Sonrisa perenne, gorra de chulapo a la extremeña, camisa bien remetida, chaleco con flor del tiempo y andares de reina mora. Le pusieron un nombre vulgar al que supo dotar de un original acento que sabía a revista de variedades y a anticipada chica Almodóvar. Siempre acompañado por su perrillo, paseaba coplas de la Piquer y efluvios de Varón Dandi por las esquinas más viejas.

Andaba buscando las puertas para salir de un armario al que en aquellos años pusieron un cerrojo por fuera. Era uno de los muchos arcoiris desteñidos fruto de los que, cara al sol, tienen por vocación opacar los colores. Después, destinado por fuerza a la soledad, fue lo feliz que ella le dejó. Nunca se le permitió un cuerpo cálido con el que desahogarse. Ni la caricia de una mirada amada. Ni un hombro donde posar la cabeza.

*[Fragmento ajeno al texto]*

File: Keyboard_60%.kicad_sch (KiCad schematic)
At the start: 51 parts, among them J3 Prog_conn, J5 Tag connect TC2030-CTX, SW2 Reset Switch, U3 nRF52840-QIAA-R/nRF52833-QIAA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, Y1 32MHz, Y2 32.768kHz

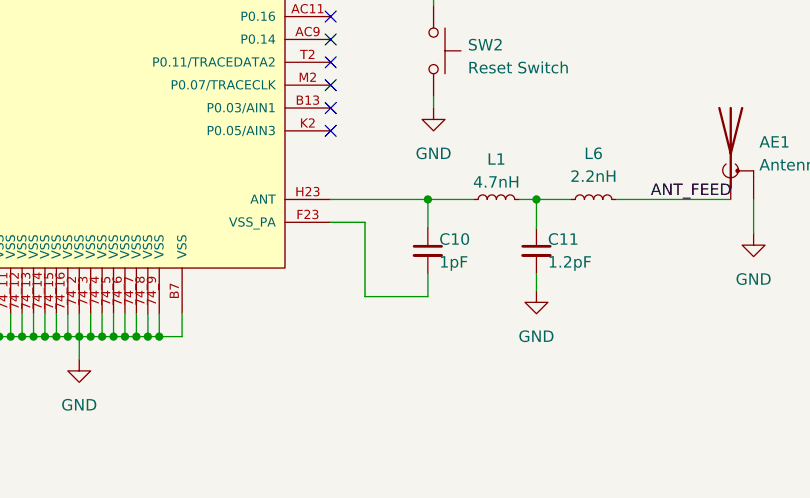
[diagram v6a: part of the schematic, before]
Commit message: Changed the gerber to final production files
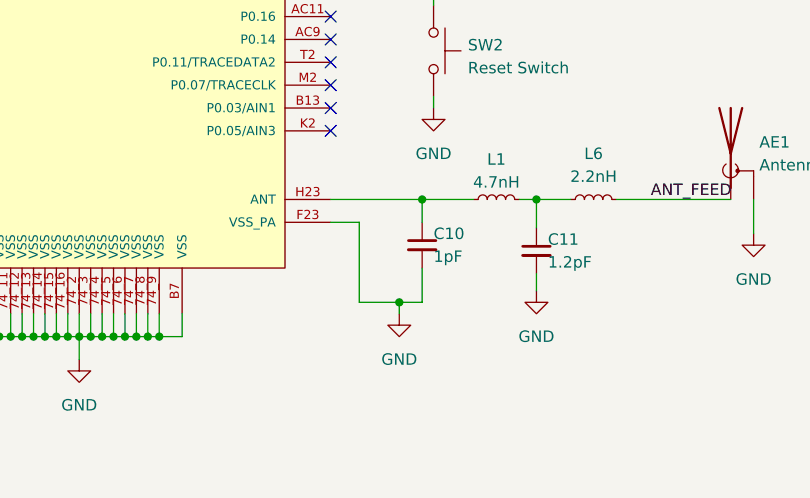
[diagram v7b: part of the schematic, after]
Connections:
- net GND: now also C10.2, U3.F23 (VSS_PA)
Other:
- moved on the sheet: C10
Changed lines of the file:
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@@
   (junction (at 91.44 181.61) (diameter 0) (color 0 0 0 0)
   )
-  (junction (at 130.175 166.37) (diameter 0) (color 0 0 0 0)
-  )
   (junction (at 39.37 87.63) (diameter 0) (color 0 0 0 0)
   )
@@
   (junction (at 86.36 181.61) (diameter 0) (color 0 0 0 0)
   )
+  (junction (at 129.54 166.37) (diameter 0) (color 0 0 0 0)
+  )
   (junction (at 23.495 153.67) (diameter 0) (color 0 0 0 0)
   )
@@
   )
   (junction (at 43.18 99.06) (diameter 0) (color 0 0 0 0)
+  )
+  (junction (at 127 177.8) (diameter 0) (color 0 0 0 0)
   )
   (junction (at 90.17 181.61) (diameter 0) (color 0 0 0 0)
@@
     (stroke (width 0) (type default))
   )
+  (wire (pts (xy 127 177.8) (xy 127 179.07))
+    (stroke (width 0) (type default))
+  )
   (wire (pts (xy 213.36 81.28) (xy 213.36 87.63))
     (stroke (width 0) (type default))
@@
     (stroke (width 0) (type default))
   )
+  (wire (pts (xy 129.54 166.37) (xy 135.255 166.37))
+    (stroke (width 0) (type default))
+  )
   (wire (pts (xy 130.81 144.78) (xy 130.81 143.51))
     (stroke (width 0) (type default))
@@
     (stroke (width 0) (type default))
   )
-  (wire (pts (xy 130.175 166.37) (xy 130.175 169.545))
+  (wire (pts (xy 129.54 166.37) (xy 129.54 168.91))
     (stroke (width 0) (type default))
   )
@@
     (stroke (width 0) (type default))
   )
-  (wire (pts (xy 123.19 168.91) (xy 123.19 177.165))
+  (wire (pts (xy 122.555 168.91) (xy 122.555 177.8))
     (stroke (width 0) (type default))
   )
@@
     (stroke (width 0) (type default))
   )
-  (wire (pts (xy 119.38 166.37) (xy 130.175 166.37))
+  (wire (pts (xy 119.38 166.37) (xy 129.54 166.37))
     (stroke (width 0) (type default))
   )
@@
     (stroke (width 0) (type default))
   )
-  (wire (pts (xy 123.19 177.165) (xy 130.175 177.165))
+  (wire (pts (xy 122.555 177.8) (xy 127 177.8))
     (stroke (width 0) (type default))
   )
@@
     (stroke (width 0) (type default))
   )
+  (wire (pts (xy 127 177.8) (xy 129.54 177.8))
+    (stroke (width 0) (type default))
+  )
   (wire (pts (xy 100.33 179.07) (xy 100.33 181.61))
     (stroke (width 0) (type default))
@@
     (stroke (width 0) (type default))
   )
-  (wire (pts (xy 119.38 168.91) (xy 123.19 168.91))
+  (wire (pts (xy 119.38 168.91) (xy 122.555 168.91))
     (stroke (width 0) (type default))
   )
@@
     (stroke (width 0) (type default))
   )
-  (wire (pts (xy 135.255 166.37) (xy 130.175 166.37))
-    (stroke (width 0) (type default))
-  )
   (wire (pts (xy 91.44 179.07) (xy 91.44 181.61))
     (stroke (width 0) (type default))
   )
-  (wire (pts (xy 130.175 177.165) (xy 130.175 174.625))
+  (wire (pts (xy 129.54 173.99) (xy 129.54 177.8))
     (stroke (width 0) (type default))
   )
@@
     )
   )
-  (symbol (lib_id "keyboard:C_Small") (at 130.175 172.085 0) (unit 1)
-    (in_bom yes) (on_board yes) (dnp no)
-    (property "Reference" "C10" (at 131.445 170.815 0)
+  (symbol (lib_id "keyboard:C_Small") (at 129.54 171.45 0) (unit 1)
+    (in_bom yes) (on_board yes) (dnp no)
+    (property "Reference" "C10" (at 130.81 170.18 0)
       (effects (font (size 1.27 1.27)) (justify left))
     )
-    (property "Value" "1pF" (at 131.445 173.355 0)
+    (property "Value" "1pF" (at 130.81 172.72 0)
       (effects (font (size 1.27 1.27)) (justify left))
     )
-    (property "Footprint" "keyboard:C_0402_1005Metric" (at 130.175 172.085 0)
-      (effects (font (size 1.27 1.27)) hide)
-    )
-    (property "Datasheet" "https://datasheet.lcsc.com/lcsc/2304140030_YAGEO-CC0402BRNPO9BN1R0_C309455.pdf" (at 130.175 172.085 0)
-      (effects (font (size 1.27 1.27)) hide)
-    )
-    (property "PN" "CC0402BRNPO9BN1R0" (at 130.175 172.085 0)
-      (effects (font (size 1.27 1.27)) hide)
-    )
-    (property "LCSC Part Number" "C309455" (at 130.175 172.085 0)
-      (effects (font (size 1.27 1.27)) hide)
-    )
-    (property "LCSC link" "https://www.lcsc.com/product-detail/Multilayer-Ceramic-Capacitors-MLCC-SMD-SMT_YAGEO-CC0402BRNPO9BN1R0_C309455.html" (at 130.175 172.085 0)
+    (property "Footprint" "keyboard:C_0402_1005Metric" (at 129.54 171.45 0)
+      (effects (font (size 1.27 1.27)) hide)
+    )
+    (property "Datasheet" "https://datasheet.lcsc.com/lcsc/2304140030_YAGEO-CC0402BRNPO9BN1R0_C309455.pdf" (at 129.54 171.45 0)
+      (effects (font (size 1.27 1.27)) hide)
+    )
+    (property "PN" "CC0402BRNPO9BN1R0" (at 129.54 171.45 0)
+      (effects (font (size 1.27 1.27)) hide)
+    )
+    (property "LCSC Part Number" "C309455" (at 129.54 171.45 0)
+      (effects (font (size 1.27 1.27)) hide)
+    )
+    (property "LCSC link" "https://www.lcsc.com/product-detail/Multilayer-Ceramic-Capacitors-MLCC-SMD-SMT_YAGEO-CC0402BRNPO9BN1R0_C309455.html" (at 129.54 171.45 0)
       (effects (font (size 1.27 1.27)) hide)
     )
@@
         )
       )
+    )
+  )
+  (symbol (lib_id "power:GND") (at 127 179.07 0) (unit 1)
+    (in_bom yes) (on_board yes) (dnp no) (fields_autoplaced)
+    (property "Reference" "#PWR07" (at 127 185.42 0)
+      (effects (font (size 1.27 1.27)) hide)
+    )
+    (property "Value" "GND" (at 127 184.15 0)
+      (effects (font (size 1.27 1.27)))
+    )
+    (property "Footprint" "" (at 127 179.07 0)
+      (effects (font (size 1.27 1.27)) hide)
+    )
+    (property "Datasheet" "" (at 127 179.07 0)
+      (effects (font (size 1.27 1.27)) hide)
+    )
+    (pin "1")
+    (instances
+      (project "Keyboard_60%"
+        (path "/ef112b03-6536-453f-8127-17d1495b48aa/01d5aa47-03a0-4747-998b-393b2b88e5ef"
+          (reference "#PWR07") (unit 1)
+        )
+        (path "/ef112b03-6536-453f-8127-17d1495b48aa"
+          (reference "#PWR08") (unit 1)
+        )
+      )

Se le ciñó la soledad a la cintura. Hasta que apretó tan fuerte como ella sabe que puede hacer para matar de pena. No murió dentro del armario, murió dentro de un baúl apolillado repleto de ajuares bordados con prejuicios pueblerinos. Porque sí.

Estas palabras van por él, que hoy se me apareció en el recuerdo, pero también por Lorca, por Freddy, por Safo, por Gertrude Stein, por Óscar Wilde, por Virginia Woolf... y por ti, que tienes derecho a querer a quien te dé la gana y porque el amor jamás será un error.

Feliz día del orgullo.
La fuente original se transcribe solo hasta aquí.